Requirement. Among the lines of the records below, copy those that hold the word "names".

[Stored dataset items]
[Start of section]
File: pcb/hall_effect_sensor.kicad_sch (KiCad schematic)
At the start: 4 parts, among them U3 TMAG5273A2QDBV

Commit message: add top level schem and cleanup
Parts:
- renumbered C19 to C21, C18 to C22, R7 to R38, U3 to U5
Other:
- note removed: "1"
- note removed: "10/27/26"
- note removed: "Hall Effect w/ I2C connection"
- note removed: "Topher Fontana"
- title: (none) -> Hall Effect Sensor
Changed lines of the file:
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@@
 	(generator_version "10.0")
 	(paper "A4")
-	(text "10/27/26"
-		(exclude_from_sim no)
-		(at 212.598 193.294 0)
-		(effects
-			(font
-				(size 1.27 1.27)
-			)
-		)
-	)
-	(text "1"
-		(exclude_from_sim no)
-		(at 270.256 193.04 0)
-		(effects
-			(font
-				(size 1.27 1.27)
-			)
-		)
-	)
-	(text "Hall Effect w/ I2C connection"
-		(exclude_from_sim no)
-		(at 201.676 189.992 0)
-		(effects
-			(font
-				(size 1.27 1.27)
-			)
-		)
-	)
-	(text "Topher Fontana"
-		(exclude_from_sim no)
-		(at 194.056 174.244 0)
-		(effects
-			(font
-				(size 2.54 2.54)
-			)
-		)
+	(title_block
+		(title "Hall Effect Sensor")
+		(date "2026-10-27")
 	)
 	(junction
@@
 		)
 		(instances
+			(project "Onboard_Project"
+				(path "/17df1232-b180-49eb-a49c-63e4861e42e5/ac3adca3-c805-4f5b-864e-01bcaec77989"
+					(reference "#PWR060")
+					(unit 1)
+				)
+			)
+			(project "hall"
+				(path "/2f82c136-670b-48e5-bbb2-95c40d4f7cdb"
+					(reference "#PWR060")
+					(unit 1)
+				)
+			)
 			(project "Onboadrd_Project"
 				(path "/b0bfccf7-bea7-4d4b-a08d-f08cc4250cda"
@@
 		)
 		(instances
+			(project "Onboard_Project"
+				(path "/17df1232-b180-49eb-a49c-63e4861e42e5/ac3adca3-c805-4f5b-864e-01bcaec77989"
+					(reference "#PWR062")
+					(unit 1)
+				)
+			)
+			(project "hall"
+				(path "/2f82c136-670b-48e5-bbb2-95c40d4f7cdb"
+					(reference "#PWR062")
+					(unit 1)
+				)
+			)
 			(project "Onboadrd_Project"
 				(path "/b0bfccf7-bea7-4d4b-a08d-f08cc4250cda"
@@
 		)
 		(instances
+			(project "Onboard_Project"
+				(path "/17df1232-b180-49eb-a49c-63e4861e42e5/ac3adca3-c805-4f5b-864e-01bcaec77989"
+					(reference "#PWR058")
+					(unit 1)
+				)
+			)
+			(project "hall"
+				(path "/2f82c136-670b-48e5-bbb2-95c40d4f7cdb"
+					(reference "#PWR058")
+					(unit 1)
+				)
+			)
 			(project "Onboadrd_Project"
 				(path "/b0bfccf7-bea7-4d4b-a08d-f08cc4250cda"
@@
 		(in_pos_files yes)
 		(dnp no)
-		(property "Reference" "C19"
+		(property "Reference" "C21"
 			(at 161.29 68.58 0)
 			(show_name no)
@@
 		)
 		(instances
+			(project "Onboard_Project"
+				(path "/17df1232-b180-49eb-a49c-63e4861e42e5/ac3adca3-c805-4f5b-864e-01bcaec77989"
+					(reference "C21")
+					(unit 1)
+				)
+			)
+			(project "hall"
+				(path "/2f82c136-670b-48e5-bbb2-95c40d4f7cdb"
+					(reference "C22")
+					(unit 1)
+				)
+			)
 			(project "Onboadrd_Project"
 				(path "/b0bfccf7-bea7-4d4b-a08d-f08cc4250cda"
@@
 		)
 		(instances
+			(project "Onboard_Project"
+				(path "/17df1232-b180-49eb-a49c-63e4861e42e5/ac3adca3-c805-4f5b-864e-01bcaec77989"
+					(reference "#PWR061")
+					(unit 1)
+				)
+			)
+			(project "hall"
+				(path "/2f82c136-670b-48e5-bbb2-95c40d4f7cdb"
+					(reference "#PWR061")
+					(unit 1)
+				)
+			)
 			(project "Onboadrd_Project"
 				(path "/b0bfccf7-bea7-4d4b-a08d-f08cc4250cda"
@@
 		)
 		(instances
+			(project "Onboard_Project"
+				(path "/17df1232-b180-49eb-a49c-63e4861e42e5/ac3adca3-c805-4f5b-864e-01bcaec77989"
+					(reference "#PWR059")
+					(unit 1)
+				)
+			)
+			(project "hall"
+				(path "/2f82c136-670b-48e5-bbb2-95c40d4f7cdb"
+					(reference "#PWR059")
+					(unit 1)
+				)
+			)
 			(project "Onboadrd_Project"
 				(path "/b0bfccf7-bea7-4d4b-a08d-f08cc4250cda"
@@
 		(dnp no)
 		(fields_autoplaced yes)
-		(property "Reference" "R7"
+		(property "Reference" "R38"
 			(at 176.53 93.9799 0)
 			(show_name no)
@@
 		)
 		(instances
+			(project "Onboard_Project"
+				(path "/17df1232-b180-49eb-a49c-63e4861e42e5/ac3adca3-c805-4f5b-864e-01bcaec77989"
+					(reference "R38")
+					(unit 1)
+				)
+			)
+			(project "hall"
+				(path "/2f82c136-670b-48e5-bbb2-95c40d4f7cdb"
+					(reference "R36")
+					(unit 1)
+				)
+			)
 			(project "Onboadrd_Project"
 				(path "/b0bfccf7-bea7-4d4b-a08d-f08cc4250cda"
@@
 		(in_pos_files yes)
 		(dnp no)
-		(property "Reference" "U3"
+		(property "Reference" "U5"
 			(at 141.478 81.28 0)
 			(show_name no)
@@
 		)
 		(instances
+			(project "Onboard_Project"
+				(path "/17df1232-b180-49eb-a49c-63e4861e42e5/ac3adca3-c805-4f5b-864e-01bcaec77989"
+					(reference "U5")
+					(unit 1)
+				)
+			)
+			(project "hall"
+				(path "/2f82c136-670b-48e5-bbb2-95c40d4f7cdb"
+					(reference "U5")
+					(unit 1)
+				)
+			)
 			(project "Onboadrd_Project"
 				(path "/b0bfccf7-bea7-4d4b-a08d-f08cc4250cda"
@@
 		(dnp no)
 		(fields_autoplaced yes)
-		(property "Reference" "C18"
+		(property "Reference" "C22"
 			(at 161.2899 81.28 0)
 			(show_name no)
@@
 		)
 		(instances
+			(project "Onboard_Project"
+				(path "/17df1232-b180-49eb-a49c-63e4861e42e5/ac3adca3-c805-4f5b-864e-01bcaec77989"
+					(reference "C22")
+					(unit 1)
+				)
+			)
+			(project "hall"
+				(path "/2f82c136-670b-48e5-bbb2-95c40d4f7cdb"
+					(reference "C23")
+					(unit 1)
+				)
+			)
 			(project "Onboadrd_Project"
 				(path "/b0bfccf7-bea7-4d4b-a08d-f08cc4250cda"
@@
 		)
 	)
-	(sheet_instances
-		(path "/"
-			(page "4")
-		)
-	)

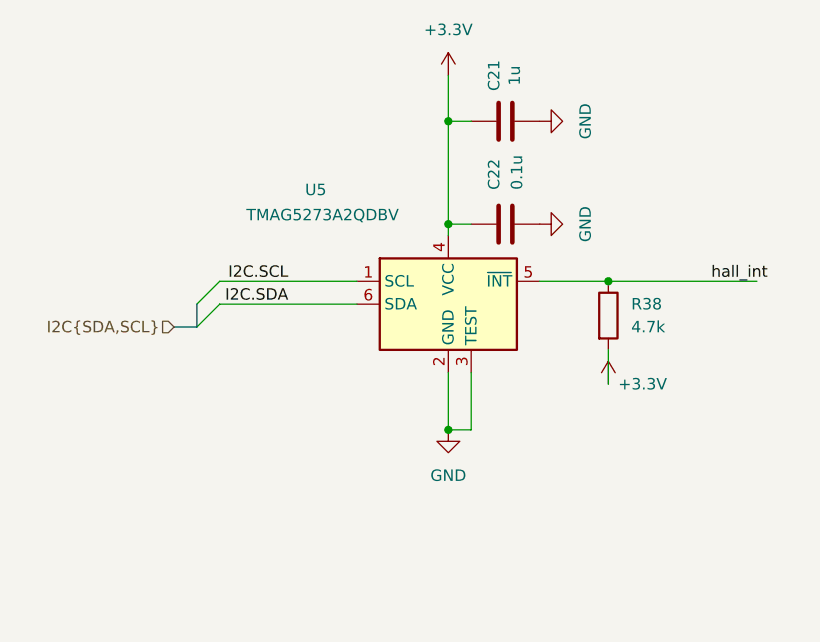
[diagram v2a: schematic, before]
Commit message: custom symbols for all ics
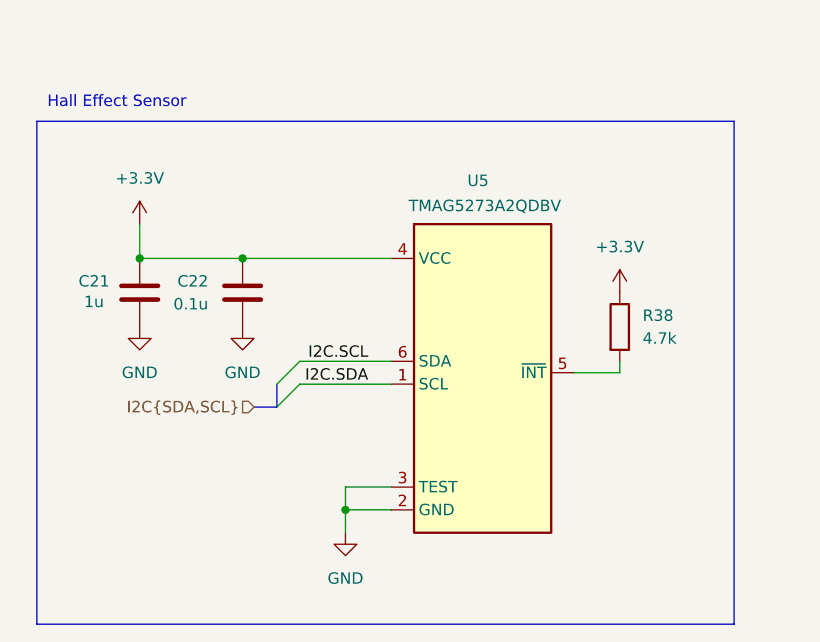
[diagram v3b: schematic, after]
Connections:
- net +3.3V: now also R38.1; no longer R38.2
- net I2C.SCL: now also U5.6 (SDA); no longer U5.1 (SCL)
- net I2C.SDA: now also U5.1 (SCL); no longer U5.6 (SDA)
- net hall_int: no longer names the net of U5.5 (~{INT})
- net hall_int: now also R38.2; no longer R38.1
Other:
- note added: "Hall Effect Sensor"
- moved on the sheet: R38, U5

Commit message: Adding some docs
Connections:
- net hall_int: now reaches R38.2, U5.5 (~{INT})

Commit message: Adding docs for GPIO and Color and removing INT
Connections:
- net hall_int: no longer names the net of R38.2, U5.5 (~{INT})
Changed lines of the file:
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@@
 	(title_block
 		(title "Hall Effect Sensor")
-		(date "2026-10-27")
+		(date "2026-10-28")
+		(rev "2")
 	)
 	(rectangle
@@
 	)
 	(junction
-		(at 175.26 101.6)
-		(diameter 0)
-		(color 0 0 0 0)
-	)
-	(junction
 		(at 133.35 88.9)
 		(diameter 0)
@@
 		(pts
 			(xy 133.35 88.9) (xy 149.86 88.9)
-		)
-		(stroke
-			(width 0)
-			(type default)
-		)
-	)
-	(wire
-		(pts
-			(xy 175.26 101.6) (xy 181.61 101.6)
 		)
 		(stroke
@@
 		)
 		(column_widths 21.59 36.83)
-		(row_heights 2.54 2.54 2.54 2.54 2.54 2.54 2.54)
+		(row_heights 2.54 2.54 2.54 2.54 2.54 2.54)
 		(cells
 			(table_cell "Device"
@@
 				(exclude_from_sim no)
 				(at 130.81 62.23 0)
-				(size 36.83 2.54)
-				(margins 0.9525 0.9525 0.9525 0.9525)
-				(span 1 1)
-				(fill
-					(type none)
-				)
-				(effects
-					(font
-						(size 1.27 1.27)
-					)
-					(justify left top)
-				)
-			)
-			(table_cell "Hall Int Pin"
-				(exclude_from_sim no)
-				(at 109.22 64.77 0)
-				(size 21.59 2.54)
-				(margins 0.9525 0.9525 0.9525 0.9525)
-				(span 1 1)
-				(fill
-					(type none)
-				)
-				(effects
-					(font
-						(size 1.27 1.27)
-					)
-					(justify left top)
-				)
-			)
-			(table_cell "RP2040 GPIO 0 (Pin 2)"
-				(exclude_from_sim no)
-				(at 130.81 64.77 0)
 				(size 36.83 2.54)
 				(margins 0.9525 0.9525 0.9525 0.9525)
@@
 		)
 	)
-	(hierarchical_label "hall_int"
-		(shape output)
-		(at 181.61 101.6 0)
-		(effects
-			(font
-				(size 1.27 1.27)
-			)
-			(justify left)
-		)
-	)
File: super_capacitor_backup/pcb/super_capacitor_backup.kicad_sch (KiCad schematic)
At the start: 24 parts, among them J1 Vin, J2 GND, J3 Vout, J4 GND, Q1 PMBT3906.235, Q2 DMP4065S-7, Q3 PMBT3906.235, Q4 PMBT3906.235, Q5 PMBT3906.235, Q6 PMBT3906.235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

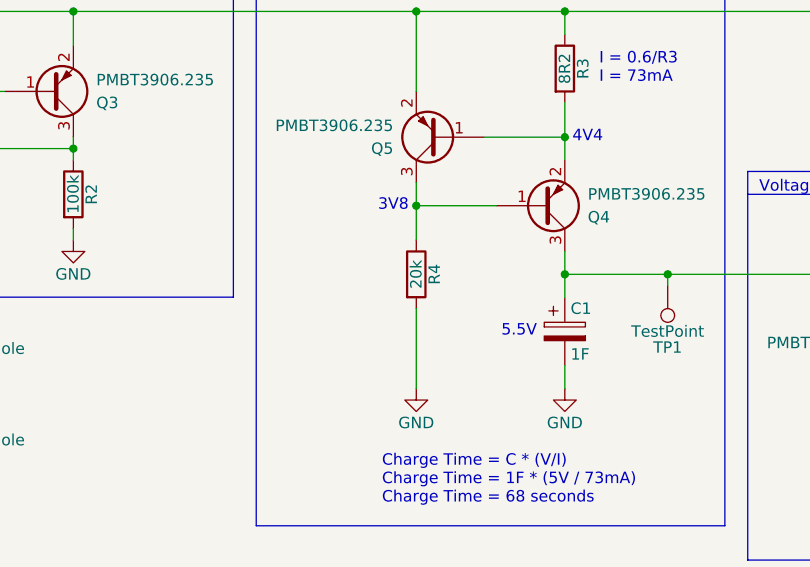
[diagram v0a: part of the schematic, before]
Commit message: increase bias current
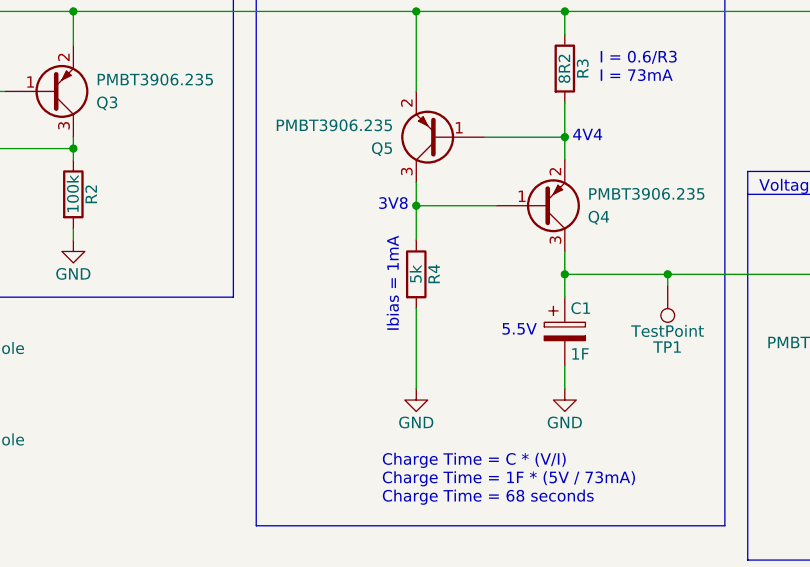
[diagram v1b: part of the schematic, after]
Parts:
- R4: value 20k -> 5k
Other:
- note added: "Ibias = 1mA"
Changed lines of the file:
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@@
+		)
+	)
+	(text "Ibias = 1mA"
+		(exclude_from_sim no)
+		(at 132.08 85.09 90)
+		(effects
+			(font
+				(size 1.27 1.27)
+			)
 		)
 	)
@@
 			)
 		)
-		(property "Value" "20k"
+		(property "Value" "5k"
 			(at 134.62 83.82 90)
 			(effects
[End of section]
Result.
- net hall_int: no longer names the net of U5.5 (~{INT})
- net hall_int: no longer names the net of R38.2, U5.5 (~{INT})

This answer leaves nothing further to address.